Schwule Fußballfans kritisieren Bierhoff

  • 31. März 2011 11 2 Min.

QFF: Oliver Bierhoff gibt der Homophobie sein Gesicht (Bild: Wiki Commons / Thomas Holbach / CC-BY-SA-3.0,2.5,2.0,1.0GFDL)

Das schwul-lesbische Netzwerk der Fußballfanclubs (Queer Football Fanclubs, QFF) beklagt, wie DFB-Teammanager Oliver Bierhoff die Homophobie im Profifußball sichtbar gemacht habe.

In einem offenen Brief an den Deutschen Fußballbund kritisierten die Queer Football Fanclubs auch die zurückhaltende Reaktion des DFB auf die Äußerungen Bierhoffs. Der ehemalige Stürmer hatte einen NDR-"Tatort" in der "Bild"-Zeitung als "Angriff auf meine Familie - die Familie der Nationalelf" bezeichnet, weil darin über schwule Profifußballer gesprochen wurde (siehe Homo-Gurke).

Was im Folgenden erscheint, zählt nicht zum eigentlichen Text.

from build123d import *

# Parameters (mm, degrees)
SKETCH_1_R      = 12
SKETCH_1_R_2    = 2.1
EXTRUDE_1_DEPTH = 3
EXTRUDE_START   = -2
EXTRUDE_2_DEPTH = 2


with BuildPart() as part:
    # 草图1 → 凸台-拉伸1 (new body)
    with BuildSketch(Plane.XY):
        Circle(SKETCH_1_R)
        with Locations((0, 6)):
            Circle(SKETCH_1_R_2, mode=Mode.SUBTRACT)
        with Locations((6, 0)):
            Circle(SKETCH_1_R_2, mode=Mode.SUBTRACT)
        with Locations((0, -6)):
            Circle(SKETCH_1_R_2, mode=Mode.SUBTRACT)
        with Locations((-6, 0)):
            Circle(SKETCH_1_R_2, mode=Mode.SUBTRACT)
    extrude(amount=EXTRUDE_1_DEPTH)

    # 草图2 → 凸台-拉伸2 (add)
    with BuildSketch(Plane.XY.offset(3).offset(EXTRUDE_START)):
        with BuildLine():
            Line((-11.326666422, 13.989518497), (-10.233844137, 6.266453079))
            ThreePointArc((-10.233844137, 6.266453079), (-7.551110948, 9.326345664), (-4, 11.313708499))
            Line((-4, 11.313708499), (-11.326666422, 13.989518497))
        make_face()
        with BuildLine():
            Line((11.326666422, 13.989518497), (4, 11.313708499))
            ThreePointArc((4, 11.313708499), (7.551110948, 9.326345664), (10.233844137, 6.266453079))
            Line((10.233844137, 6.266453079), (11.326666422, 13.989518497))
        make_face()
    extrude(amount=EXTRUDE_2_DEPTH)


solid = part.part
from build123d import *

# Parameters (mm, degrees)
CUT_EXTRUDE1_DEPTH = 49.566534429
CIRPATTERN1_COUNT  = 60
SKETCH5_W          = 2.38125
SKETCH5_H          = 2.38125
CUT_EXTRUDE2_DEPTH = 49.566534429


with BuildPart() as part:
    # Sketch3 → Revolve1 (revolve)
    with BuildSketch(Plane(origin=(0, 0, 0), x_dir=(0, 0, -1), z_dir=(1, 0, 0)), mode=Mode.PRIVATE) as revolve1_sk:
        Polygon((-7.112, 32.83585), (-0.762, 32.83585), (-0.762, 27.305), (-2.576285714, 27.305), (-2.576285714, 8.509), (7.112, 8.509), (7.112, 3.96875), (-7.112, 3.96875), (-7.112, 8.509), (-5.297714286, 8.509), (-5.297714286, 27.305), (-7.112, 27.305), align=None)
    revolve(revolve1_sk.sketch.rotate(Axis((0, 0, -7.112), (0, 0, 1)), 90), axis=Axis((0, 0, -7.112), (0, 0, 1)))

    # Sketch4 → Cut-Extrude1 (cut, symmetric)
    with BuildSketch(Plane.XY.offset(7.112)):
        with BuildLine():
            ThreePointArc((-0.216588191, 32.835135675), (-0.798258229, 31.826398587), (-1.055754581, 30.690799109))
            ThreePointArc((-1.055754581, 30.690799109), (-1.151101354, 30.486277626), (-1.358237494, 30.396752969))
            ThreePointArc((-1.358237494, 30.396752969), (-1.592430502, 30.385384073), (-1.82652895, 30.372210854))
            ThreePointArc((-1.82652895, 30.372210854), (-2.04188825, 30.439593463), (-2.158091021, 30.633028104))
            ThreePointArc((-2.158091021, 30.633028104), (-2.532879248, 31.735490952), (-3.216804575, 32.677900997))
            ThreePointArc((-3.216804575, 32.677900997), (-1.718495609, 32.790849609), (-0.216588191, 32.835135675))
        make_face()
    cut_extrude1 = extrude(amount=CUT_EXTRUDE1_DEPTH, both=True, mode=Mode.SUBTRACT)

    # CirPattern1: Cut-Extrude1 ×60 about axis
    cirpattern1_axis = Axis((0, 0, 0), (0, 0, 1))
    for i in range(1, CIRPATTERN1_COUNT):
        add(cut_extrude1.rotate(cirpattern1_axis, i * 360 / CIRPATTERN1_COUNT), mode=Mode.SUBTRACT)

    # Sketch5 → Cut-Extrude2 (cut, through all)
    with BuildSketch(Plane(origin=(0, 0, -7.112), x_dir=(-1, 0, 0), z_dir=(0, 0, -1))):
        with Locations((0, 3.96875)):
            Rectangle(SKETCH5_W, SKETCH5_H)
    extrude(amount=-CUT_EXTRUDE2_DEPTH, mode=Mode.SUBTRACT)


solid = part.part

Das Fan-Netzwerk kritisierte insbesondere, dass der DFB-Vertreter Bierhoff "das Wort 'Familie' als Kontrast und vermeintlichen Gegensatz zur Homosexualität benutzt". Es sei auch kein "Angriff", wenn es in einem Film schwule Profifußballer gebe. "Wir z. B. haben bislang auch noch nie den Verdacht entrüstet zurückgewiesen, dass ein bei Queer Football Fanclubs organisierter Fan heterosexuell sein könnte", erklärte QFF-Sprecher Dirk Brüllau. Homophobie heiße wörtlich "Angst vor Homosexualität" und "Oliver Bierhoff hat der Homophobie im Fußball sein Gesicht gegeben".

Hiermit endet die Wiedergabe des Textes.